Terkait kasus DSI, Habiburokhman menjelaskan bahwa KUHP dan KUHAP baru akan berorientasi pada pemulihan kerugian korban.
“Perkara ketiga adalah pengusutan penggelapan dana pada aplikasi Dana Syariah Indonesia (DSI) yang saat ini sedang ditangani oleh Bareskrim Mabes Polri. Dalam perkara ini Bareskrim akan mengacu pada ketentuan KUHAP baru di mana orientasi penyitaan barang bukti juga mencakup tujuan pemulihan kerugian para korban,” ujarnya.

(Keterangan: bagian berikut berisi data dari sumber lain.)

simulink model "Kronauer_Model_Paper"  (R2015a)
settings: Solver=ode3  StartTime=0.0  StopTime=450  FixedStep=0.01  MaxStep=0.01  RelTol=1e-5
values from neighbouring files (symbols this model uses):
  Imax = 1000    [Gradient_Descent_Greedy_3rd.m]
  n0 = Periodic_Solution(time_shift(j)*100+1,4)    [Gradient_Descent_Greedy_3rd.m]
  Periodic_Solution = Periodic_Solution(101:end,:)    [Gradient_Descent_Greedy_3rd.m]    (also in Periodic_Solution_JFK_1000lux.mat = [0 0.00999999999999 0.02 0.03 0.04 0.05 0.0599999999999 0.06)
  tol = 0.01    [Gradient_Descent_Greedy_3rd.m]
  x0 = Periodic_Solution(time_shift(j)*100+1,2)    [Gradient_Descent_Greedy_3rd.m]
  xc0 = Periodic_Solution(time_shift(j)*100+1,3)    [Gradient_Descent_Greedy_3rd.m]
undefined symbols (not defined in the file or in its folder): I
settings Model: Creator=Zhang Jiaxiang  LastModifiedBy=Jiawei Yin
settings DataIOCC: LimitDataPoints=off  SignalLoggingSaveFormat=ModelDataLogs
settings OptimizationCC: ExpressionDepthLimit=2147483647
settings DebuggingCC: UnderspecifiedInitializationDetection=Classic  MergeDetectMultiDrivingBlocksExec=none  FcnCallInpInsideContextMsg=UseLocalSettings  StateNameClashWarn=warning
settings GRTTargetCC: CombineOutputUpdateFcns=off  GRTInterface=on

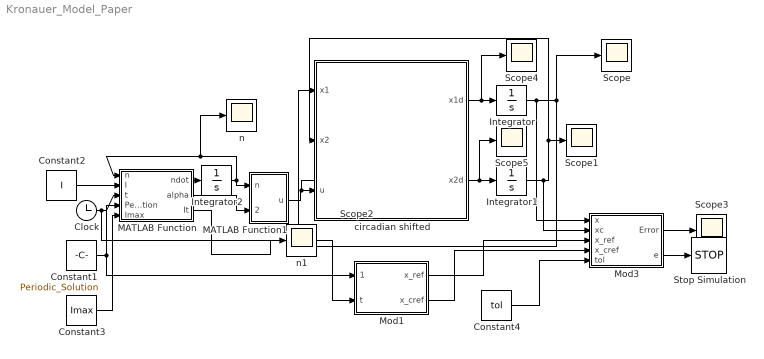
== system Kronauer_Model_Paper ==
  Clock : Clock
  Constant1 : Constant  Value=Periodic_Solution
  Constant2 : Constant  Value=I
  Constant3 : Constant  Value=Imax
  Constant4 : Constant  Value=tol
  Integrator : Integrator  InitialCondition=x0
  Integrator1 : Integrator  InitialCondition=xc0
  Integrator2 : Integrator  InitialCondition=n0
  MATLAB Function : MATLAB Function  TreatAsAtomicUnit=on
      settings: PermitHierarchicalResolution=ParametersOnly
  MATLAB Function1 : MATLAB Function  TreatAsAtomicUnit=on
      settings: PermitHierarchicalResolution=ParametersOnly
  Mod1 : MATLAB Function  TreatAsAtomicUnit=on
      settings: PermitHierarchicalResolution=ParametersOnly
  Mod3 : MATLAB Function  TreatAsAtomicUnit=on
      settings: PermitHierarchicalResolution=ParametersOnly
  Scope{,1..5} (6 alike) : Scope
      Scope settings: TimeRange=auto  LimitDataPoints=on  MaxDataPoints=1000000  SaveName=x  YMin=-1.15396  YMax=0.97021  SampleTime=-1  DataFormat=Array
      Scope1 settings: TimeRange=auto  LimitDataPoints=on  MaxDataPoints=1000000  SaveName=xc  YMin=-1.29085  YMax=0.80259  SampleTime=-1  DataFormat=Array
      Scope2 settings: TimeRange=auto  LimitDataPoints=on  MaxDataPoints=1000000  SaveName=u  YMin=-10  YMax=10  SampleTime=-1  DataFormat=Array
      Scope3 settings: TimeRange=auto  LimitDataPoints=on  MaxDataPoints=100000000  SaveName=Error  YMin=-10  YMax=10  SampleTime=-1  DataFormat=Array
      Scope4 settings: TimeRange=auto  LimitDataPoints=on  MaxDataPoints=1000000  SaveName=dx  YMin=-0.38511  YMax=0.63191  SampleTime=-1  DataFormat=Array
      Scope5 settings: TimeRange=auto  LimitDataPoints=on  MaxDataPoints=1000000  SaveName=dxc  YMin=-0.25827  YMax=0.34342  SampleTime=-1  DataFormat=Array
  Stop Simulation : Stop
  circadian shifted : MATLAB Function  TreatAsAtomicUnit=on
      settings: PermitHierarchicalResolution=ParametersOnly
  n : Scope
      settings: TimeRange=auto  LimitDataPoints=on  MaxDataPoints=2000000  SaveName=n  YMin=-10  YMax=10  SampleTime=-1  DataFormat=Array
  n1 : Scope
      settings: TimeRange=auto  LimitDataPoints=on  MaxDataPoints=200000000  SaveName=It  YMin=-10  YMax=10  SampleTime=-1  DataFormat=Array
  wires:
  circadian shifted/1(x1d) -> Scope4/1, Integrator/1
  circadian shifted/2(x2d) -> Scope5/1, Integrator1/1
  Integrator/1 -> Mod3/1(x), circadian shifted/1(x1), Scope/1
  Integrator1/1 -> Mod3/2(xc), circadian shifted/2(x2), Scope1/1
  MATLAB Function/1(ndot) -> Integrator2/1
  Constant2/1 -> MATLAB Function/2(I)
  Clock/1 -> Mod1/2(t), MATLAB Function/3(t)
  Integrator2/1 -> MATLAB Function1/1(n), n/1, MATLAB Function/1(n)
  MATLAB Function/2(alpha) -> MATLAB Function1/2(alpha)
  MATLAB Function1/1(u) -> Scope2/1, circadian shifted/3(u)
  Constant1/1 -> MATLAB Function/4(Periodic_Solution), Mod1/1(Periodic_Solution)
  Constant3/1 -> MATLAB Function/5(Imax)
  Mod3/2(e) -> Stop Simulation/1
  Constant4/1 -> Mod3/5(tol)
  Mod1/1(x_ref) -> Mod3/3(x_ref)
  Mod1/2(x_cref) -> Mod3/4(x_cref)
  Mod3/1(Error) -> Scope3/1
  MATLAB Function/3(It) -> n1/1

== matlab function Kronauer_Model_Paper/circadian shifted ==
  data: x1 input; x2 input; u input; x1d output; x2d output
function [ x1d,x2d] = fcn(x1,x2,u)
%#eml

q = 1/3;
taux = 24.2;
k = 0.55;
mu=0.13;

B = u*(1-0.4*x1)*(1-0.4*x2);

x1d = (pi/12)*(x2 + B  + mu*(1/3*x1 + 4/3*x1^3 - 256/105*x1^7));
x2d = (pi/12)*(q*B *x2 - (24/(taux*0.99729))^2*x1 - k*B*x1);

== matlab function Kronauer_Model_Paper/MATLAB Function ==
  data: n input; I input; ndot output; t input; alpha output; Periodic_Solution input; Imax input; It output
function [ndot,alpha,It] = fcn(n,I,t,Periodic_Solution,Imax)

alpha0=0.05;
beta=0.0075;
I0=9500;
if t<I(end,1)
    It=interp1q(I(:,1),I(:,2),t);
else
    It=interp1q(Periodic_Solution(:,1),Periodic_Solution(:,4),t);
    if It~=0
        It=Imax;
    end
end
alpha=alpha0*(It/I0)^0.5;
ndot=60*[alpha*(1-n)-beta*n];

== matlab function Kronauer_Model_Paper/MATLAB Function1 ==
  data: n input; u output; alpha input
function u = fcn(n,alpha)
%#codegen
u=33.75*alpha*(1-n);

== matlab function Kronauer_Model_Paper/Mod1 ==
  data: Periodic_Solution input; x_ref output; t input; x_cref output
function [x_ref,x_cref] = fcn(Periodic_Solution,t)
%#codegen
x_ref=interp1q(Periodic_Solution(:,1),Periodic_Solution(:,2),t);
x_cref=interp1q(Periodic_Solution(:,1),Periodic_Solution(:,3),t);

== matlab function Kronauer_Model_Paper/Mod3 ==
  data: Error output; x input; xc input; e output; x_ref input; x_cref input; tol input
function [Error,e] = fcn(x,xc,x_ref,x_cref,tol)
%#codegen
Error=(x-x_ref)^2+(xc-x_cref)^2;
e=Error<tol;

Detail Vonis Laras Faizati
Laras Faizati dijatuhi vonis masa percobaan selama 6 bulan. Majelis hakim Pengadilan Negeri Jakarta Selatan menyatakan Laras tidak perlu menjalani pidana penjara selama 6 bulan, asalkan tidak melakukan tindak pidana lagi dalam masa pengawasan selama 1 tahun.
“Menjatuhkan pidana kepada Terdakwa oleh karena itu, dengan pidana penjara selama 6 bulan. Memerintahkan agar pidana tersebut tidak perlu dijalani, dengan syarat umum tidak akan melakukan tindak pidana lagi selama menjalani pidana pengawasan dalam waktu satu tahun,” kata ketua majelis hakim I Ketut Darpawan saat membacakan amar putusan, Kamis (15/1).
“Memerintahkan agar Terdakwa dikeluarkan dari tahanan segera setelah putusan ini dibacakan,” ujar Ketut.